Gold’s Re-positioning in the New Monetary Framework: Unique Value as a Cross-System Asset
In the emerging multi-asset framework, gold’s value is being reassessed due to its structural characteristics:
1. Gold does not depend on the credit of any single country
Its value is not directly affected by the policies, debt levels, or political risks of any one nation;
2. Gold is a cross-system reserve asset (across fiat currencies, systems, and political regimes)
It is among the few globally accepted "neutral assets" embraced widely by both developed and emerging markets;
3. Gold serves as a hedge against long-term inflation and currency volatility
4. Gold exists in both TradFi and DeFi ecosystems
It is one of the very few asset classes capable of seamless circulation between traditional finance and digital asset ecosystems.
Therefore, gold's return to the center of the global asset system is not due to short-term price gains, but because its cross-system attributes are being newly recognized.
Structural Limitations of Traditional Gold: Misalignment in the Digital Age
Despite rising importance, traditional forms of gold ownership face clear constraints:
● High purchase and custody costs
● Low efficiency in cross-border transfer
● Inability to verify authenticity on-chain
● Difficulty integrating smoothly into digital portfolio management systems
● Reporting transparency depends on custodians
Hence, institutions and investors alike are seeking gold infrastructure better suited to the digital era.
On-Chain Gold: Reshaping Reserve Assets Through Digital Infrastructure
On-chain gold represents an upgrade of gold’s infrastructure in the digital age—not a replacement of the asset itself.

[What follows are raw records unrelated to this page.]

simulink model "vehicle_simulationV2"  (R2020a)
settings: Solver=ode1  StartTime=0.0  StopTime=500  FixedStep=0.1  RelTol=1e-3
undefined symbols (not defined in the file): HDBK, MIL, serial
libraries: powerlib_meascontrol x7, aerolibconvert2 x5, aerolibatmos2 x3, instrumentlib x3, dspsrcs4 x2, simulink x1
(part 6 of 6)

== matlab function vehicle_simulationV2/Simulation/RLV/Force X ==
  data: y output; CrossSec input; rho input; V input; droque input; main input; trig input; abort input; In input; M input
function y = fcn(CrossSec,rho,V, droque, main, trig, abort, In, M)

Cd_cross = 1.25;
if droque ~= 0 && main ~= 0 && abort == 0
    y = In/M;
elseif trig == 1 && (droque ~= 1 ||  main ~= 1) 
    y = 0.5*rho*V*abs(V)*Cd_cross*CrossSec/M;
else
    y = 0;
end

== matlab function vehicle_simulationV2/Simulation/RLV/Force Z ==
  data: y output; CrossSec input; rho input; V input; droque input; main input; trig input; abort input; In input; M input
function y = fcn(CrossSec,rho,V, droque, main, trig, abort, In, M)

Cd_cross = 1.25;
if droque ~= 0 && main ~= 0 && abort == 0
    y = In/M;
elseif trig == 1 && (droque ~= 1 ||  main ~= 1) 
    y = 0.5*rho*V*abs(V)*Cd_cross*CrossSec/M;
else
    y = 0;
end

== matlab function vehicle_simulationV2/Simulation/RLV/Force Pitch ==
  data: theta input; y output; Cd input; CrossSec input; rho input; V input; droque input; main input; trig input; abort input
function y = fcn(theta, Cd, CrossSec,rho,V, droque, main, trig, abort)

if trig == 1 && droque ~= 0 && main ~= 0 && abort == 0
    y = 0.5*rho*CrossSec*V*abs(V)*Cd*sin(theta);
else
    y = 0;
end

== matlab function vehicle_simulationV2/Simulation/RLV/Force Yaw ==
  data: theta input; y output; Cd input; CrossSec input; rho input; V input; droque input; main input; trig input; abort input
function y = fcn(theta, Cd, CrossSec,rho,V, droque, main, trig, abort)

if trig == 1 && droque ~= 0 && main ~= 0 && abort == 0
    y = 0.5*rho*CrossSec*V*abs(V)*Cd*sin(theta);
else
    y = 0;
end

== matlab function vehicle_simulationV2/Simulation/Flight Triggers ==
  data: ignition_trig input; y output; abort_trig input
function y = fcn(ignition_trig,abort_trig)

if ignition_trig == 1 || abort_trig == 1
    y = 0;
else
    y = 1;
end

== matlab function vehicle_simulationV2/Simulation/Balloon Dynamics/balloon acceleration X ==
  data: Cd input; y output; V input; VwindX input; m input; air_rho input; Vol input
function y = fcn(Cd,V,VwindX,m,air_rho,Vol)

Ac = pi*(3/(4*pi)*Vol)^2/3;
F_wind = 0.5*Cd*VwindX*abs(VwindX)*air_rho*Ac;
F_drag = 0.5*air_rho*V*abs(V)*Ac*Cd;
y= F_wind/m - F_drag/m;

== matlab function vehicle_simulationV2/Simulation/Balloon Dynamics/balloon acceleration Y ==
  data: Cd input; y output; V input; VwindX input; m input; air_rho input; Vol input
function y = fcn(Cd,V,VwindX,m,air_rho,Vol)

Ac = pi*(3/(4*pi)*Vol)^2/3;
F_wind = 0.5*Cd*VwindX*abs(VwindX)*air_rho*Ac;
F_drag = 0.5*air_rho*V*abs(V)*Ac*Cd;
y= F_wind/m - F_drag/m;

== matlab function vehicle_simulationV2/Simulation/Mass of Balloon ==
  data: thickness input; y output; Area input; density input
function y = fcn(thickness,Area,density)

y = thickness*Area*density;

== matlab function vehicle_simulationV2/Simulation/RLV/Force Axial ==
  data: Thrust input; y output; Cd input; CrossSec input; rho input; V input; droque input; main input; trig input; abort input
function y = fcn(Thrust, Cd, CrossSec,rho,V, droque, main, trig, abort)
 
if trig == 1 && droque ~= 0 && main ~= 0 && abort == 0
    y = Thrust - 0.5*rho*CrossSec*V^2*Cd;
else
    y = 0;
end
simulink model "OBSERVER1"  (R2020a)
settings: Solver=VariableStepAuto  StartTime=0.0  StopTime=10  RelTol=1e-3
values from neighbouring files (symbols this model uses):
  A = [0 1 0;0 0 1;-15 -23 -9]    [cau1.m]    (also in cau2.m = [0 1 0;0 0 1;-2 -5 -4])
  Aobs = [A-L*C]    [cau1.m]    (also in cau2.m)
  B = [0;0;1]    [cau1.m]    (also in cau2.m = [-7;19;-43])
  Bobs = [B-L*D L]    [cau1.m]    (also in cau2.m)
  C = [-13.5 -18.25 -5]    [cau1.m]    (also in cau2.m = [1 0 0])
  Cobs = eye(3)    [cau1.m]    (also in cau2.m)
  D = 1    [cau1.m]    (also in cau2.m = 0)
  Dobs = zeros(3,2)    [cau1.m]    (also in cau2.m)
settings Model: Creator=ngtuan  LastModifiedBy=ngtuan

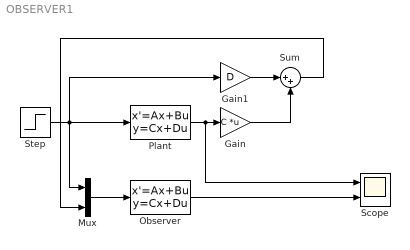
== system OBSERVER1 ==
  Gain : Gain  Gain=C  Multiplication=Matrix(K*u)
  Gain1 : Gain  Gain=D
  Mux : Mux  Inputs=2
  Observer : StateSpace  A=Aobs  B=Bobs  C=Cobs  D=Dobs  InitialCondition=0
  Plant : StateSpace  A=A  B=B  C=eye(3)  D=[0;0;0]  InitialCondition=0
  Scope : Scope  NumInputPorts=2
  Step : Step  Time=0  SampleTime=0
  Sum : Sum  Inputs=|++
  wires:
  Step/1 -> Gain1/1, Mux/1, Plant/1
  Mux/1 -> Observer/1
  Plant/1 -> Scope/1, Gain/1
  Sum/1 -> Mux/2
  Gain1/1 -> Sum/1
  Gain/1 -> Sum/2
  Observer/1 -> Scope/2

The core value of on-chain gold lies in enabling gold to be:
● Verifiable: Gold bar numbers and reserves can be directly verified on-chain
● Transferable: Freely movable across borders
● Integratable: Easily incorporated into digital asset portfolio management
● Auditable: Custody and on-chain records are transparent
It marks the third evolution of gold: from physical gold, to paper gold/ETFs, to on-chain gold (digitally verified + physically backed). This trend is not driven by any single company but by the broader advancement of global asset digitization. Within this shift, products like XAUm have established relatively clear structural frameworks. For example, XAUm, a digital gold token issued by Matrixdock, Matrixport’s RWA platform, features:
● Each XAUm backed by 1 troy ounce of 99.99% LBMA-certified gold
● Gold held in custody by professional firms such as Brink’s and Malca-Amit
● On-chain verification of individual gold bar IDs
● Free transferability between on-chain wallets
The significance of such products is not in creating "new gold," but in adapting gold to digital, cross-border, and multi-institutional management frameworks.
Toward a Multi-Asset System: Gold as a Structural Stabilizer, On-Chain Gold as a Technological Extension
The insights shared at the Singapore forum reflect deep structural changes underway in the global asset system:
● No longer singularly dependent on the U.S. dollar
● Reserve asset structures are diversifying
● Gold is being reaffirmed as a neutral anchor at the system’s core
● Digital infrastructure is reshaping how traditional reserve assets are used
The conclusion is clear: gold’s role has not changed, but its infrastructure is undergoing profound transformation. The emergence of on-chain gold enables gold to adapt to the global trends of digitalization, cross-border integration, and real-time asset allocation. In the future “multi-anchor, multi-system” architecture, gold will remain central—and digital gold (on-chain gold) will become its new form.